**Prompt**
Repeat the lines below exactly as written, please, from the line with "#10=(LENGTH_UNIT() NAMED_UNIT(*) SI_UNIT(.MILLI.,.METRE.));" to the line with "#17=DIRECTION('',(1.,0.,0.));", both lines included, and no others.

**Source data**
# # # #

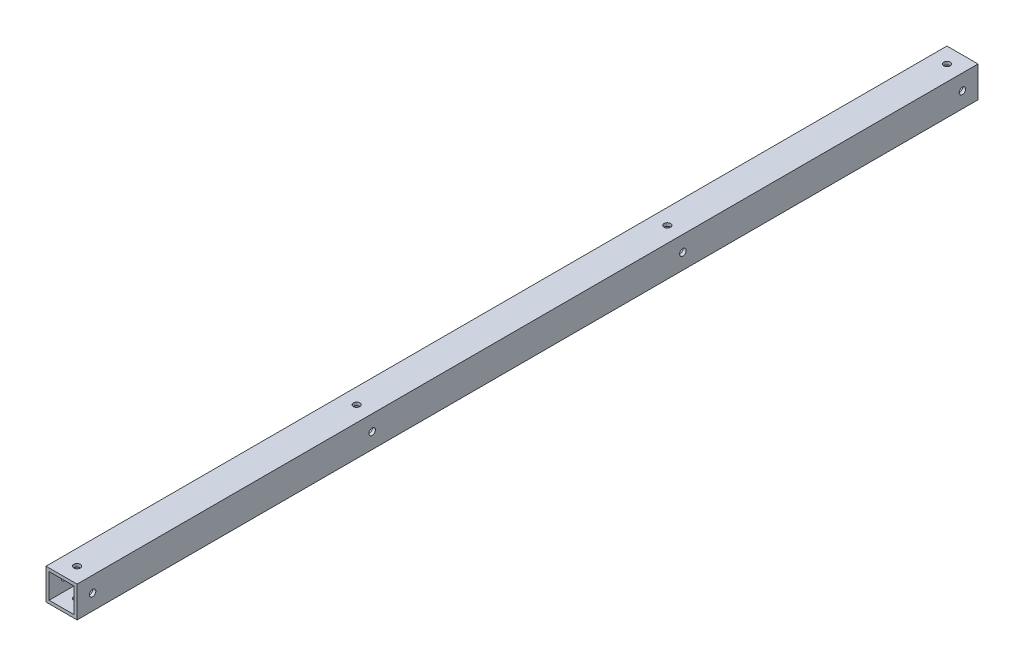
ISO-10303-21;
HEADER;
FILE_DESCRIPTION(('STEP AP214'),'2;1');
FILE_NAME('part.step','',(''),(''),'','','');
FILE_SCHEMA(('AUTOMOTIVE_DESIGN { 1 0 10303 214 1 1 1 1 }'));
ENDSEC;
DATA;
#1=APPLICATION_CONTEXT('core data for automotive mechanical design processes');
#2=APPLICATION_PROTOCOL_DEFINITION('international standard','automotive_design',2000,#1);
#3=PRODUCT_CONTEXT('',#1,'mechanical');
#4=PRODUCT('Part','Part','',(#3));
#5=PRODUCT_RELATED_PRODUCT_CATEGORY('part','',(#4));
#6=PRODUCT_DEFINITION_FORMATION('','',#4);
#7=PRODUCT_DEFINITION_CONTEXT('part definition',#1,'design');
#8=PRODUCT_DEFINITION('design','',#6,#7);
#9=PRODUCT_DEFINITION_SHAPE('','',#8);
#10=(LENGTH_UNIT() NAMED_UNIT(*) SI_UNIT(.MILLI.,.METRE.));
#11=(NAMED_UNIT(*) PLANE_ANGLE_UNIT() SI_UNIT($,.RADIAN.));
#12=(NAMED_UNIT(*) SI_UNIT($,.STERADIAN.) SOLID_ANGLE_UNIT());
#13=UNCERTAINTY_MEASURE_WITH_UNIT(LENGTH_MEASURE(1.E-05),#10,'distance_accuracy_value','');
#14=(GEOMETRIC_REPRESENTATION_CONTEXT(3) GLOBAL_UNCERTAINTY_ASSIGNED_CONTEXT((#13)) GLOBAL_UNIT_ASSIGNED_CONTEXT((#10,
#11,#12)) REPRESENTATION_CONTEXT('',''));
#15=CARTESIAN_POINT('',(0.,0.,0.));
#16=DIRECTION('',(0.,0.,1.));
#17=DIRECTION('',(1.,0.,0.));
#18=AXIS2_PLACEMENT_3D('',#15,#16,#17);
#19=CARTESIAN_POINT('',(0.,-10.,580.));
#20=DIRECTION('',(0.,1.,0.));
#21=DIRECTION('',(0.,0.,1.));
#22=AXIS2_PLACEMENT_3D('',#19,#20,#21);
#23=PLANE('',#22);
#24=CARTESIAN_POINT('',(0.,-10.,570.));
#25=DIRECTION('',(0.,-1.,0.));
#26=DIRECTION('',(0.,0.,-1.));
#27=AXIS2_PLACEMENT_3D('',#24,#25,#26);
#28=CIRCLE('',#27,2.1);
#29=CARTESIAN_POINT('',(0.,-10.,567.9));
#30=VERTEX_POINT('',#29);
#31=EDGE_CURVE('E180',#30,#30,#28,.T.);
#32=ORIENTED_EDGE('',*,*,#31,.F.);
#33=EDGE_LOOP('',(#32));
#34=FACE_BOUND('',#33,.T.);
#35=CARTESIAN_POINT('',(0.,-10.,390.));
#36=DIRECTION('',(0.,-1.,0.));
#37=DIRECTION('',(0.,0.,-1.));
#38=AXIS2_PLACEMENT_3D('',#35,#36,#37);
#39=CIRCLE('',#38,2.09999999999999);
#40=CARTESIAN_POINT('',(0.,-10.,387.9));
#41=VERTEX_POINT('',#40);
#42=EDGE_CURVE('E191',#41,#41,#39,.T.);
#43=ORIENTED_EDGE('',*,*,#42,.F.);
#44=EDGE_LOOP('',(#43));
#45=FACE_BOUND('',#44,.T.);
#46=CARTESIAN_POINT('',(0.,-10.,10.));
#47=DIRECTION('',(0.,1.,0.));
#48=DIRECTION('',(0.,0.,1.));
#49=AXIS2_PLACEMENT_3D('',#46,#47,#48);
#50=CIRCLE('',#49,2.1);
#51=CARTESIAN_POINT('',(0.,-10.,12.1));
#52=VERTEX_POINT('',#51);
#53=EDGE_CURVE('E174',#52,#52,#50,.T.);
#54=ORIENTED_EDGE('',*,*,#53,.T.);
#55=EDGE_LOOP('',(#54));
#56=FACE_BOUND('',#55,.T.);
#57=CARTESIAN_POINT('',(0.,-10.,190.));
#58=DIRECTION('',(0.,1.,0.));
#59=DIRECTION('',(0.,0.,1.));
#60=AXIS2_PLACEMENT_3D('',#57,#58,#59);
#61=CIRCLE('',#60,2.09999999999999);
#62=CARTESIAN_POINT('',(0.,-10.,192.1));
#63=VERTEX_POINT('',#62);
#64=EDGE_CURVE('E205',#63,#63,#61,.T.);
#65=ORIENTED_EDGE('',*,*,#64,.T.);
#66=EDGE_LOOP('',(#65));
#67=FACE_BOUND('',#66,.T.);
#68=DIRECTION('',(1.,0.,0.));
#69=VECTOR('',#68,1.);
#70=CARTESIAN_POINT('',(0.,-10.,0.));
#71=LINE('',#70,#69);
#72=CARTESIAN_POINT('',(-10.,-10.,0.));
#73=VERTEX_POINT('',#72);
#74=CARTESIAN_POINT('',(10.,-10.,0.));
#75=VERTEX_POINT('',#74);
#76=EDGE_CURVE('E152',#73,#75,#71,.T.);
#77=ORIENTED_EDGE('',*,*,#76,.T.);
#78=DIRECTION('',(0.,0.,-1.));
#79=VECTOR('',#78,1.);
#80=CARTESIAN_POINT('',(10.,-10.,580.));
#81=LINE('',#80,#79);
#82=CARTESIAN_POINT('',(10.,-10.,580.));
#83=VERTEX_POINT('',#82);
#84=EDGE_CURVE('E11',#83,#75,#81,.T.);
#85=ORIENTED_EDGE('',*,*,#84,.F.);
#86=DIRECTION('',(1.,0.,0.));
#87=VECTOR('',#86,1.);
#88=CARTESIAN_POINT('',(0.,-10.,580.));
#89=LINE('',#88,#87);
#90=CARTESIAN_POINT('',(-10.,-10.,580.));
#91=VERTEX_POINT('',#90);
#92=EDGE_CURVE('E123',#91,#83,#89,.T.);
#93=ORIENTED_EDGE('',*,*,#92,.F.);
#94=DIRECTION('',(0.,0.,-1.));
#95=VECTOR('',#94,1.);
#96=CARTESIAN_POINT('',(-10.,-10.,580.));
#97=LINE('',#96,#95);
#98=EDGE_CURVE('E62',#91,#73,#97,.T.);
#99=ORIENTED_EDGE('',*,*,#98,.T.);
#100=EDGE_LOOP('',(#77,#85,#93,#99));
#101=FACE_BOUND('',#100,.T.);
#102=ADVANCED_FACE('F43',(#34,#45,#56,#67,#101),#23,.F.);
#103=CARTESIAN_POINT('',(10.,0.,580.));
#104=DIRECTION('',(-1.,0.,0.));
#105=DIRECTION('',(0.,0.,1.));
#106=AXIS2_PLACEMENT_3D('',#103,#104,#105);
#107=PLANE('',#106);
#108=CARTESIAN_POINT('',(10.,0.,570.));
#109=DIRECTION('',(1.,0.,0.));
#110=DIRECTION('',(0.,0.,-1.));
#111=AXIS2_PLACEMENT_3D('',#108,#109,#110);
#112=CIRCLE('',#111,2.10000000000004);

# # # #

**Solution for this task**
#10=(LENGTH_UNIT() NAMED_UNIT(*) SI_UNIT(.MILLI.,.METRE.));
#11=(NAMED_UNIT(*) PLANE_ANGLE_UNIT() SI_UNIT($,.RADIAN.));
#12=(NAMED_UNIT(*) SI_UNIT($,.STERADIAN.) SOLID_ANGLE_UNIT());
#13=UNCERTAINTY_MEASURE_WITH_UNIT(LENGTH_MEASURE(1.E-05),#10,'distance_accuracy_value','');
#14=(GEOMETRIC_REPRESENTATION_CONTEXT(3) GLOBAL_UNCERTAINTY_ASSIGNED_CONTEXT((#13)) GLOBAL_UNIT_ASSIGNED_CONTEXT((#10,
#11,#12)) REPRESENTATION_CONTEXT('',''));
#15=CARTESIAN_POINT('',(0.,0.,0.));
#16=DIRECTION('',(0.,0.,1.));
#17=DIRECTION('',(1.,0.,0.));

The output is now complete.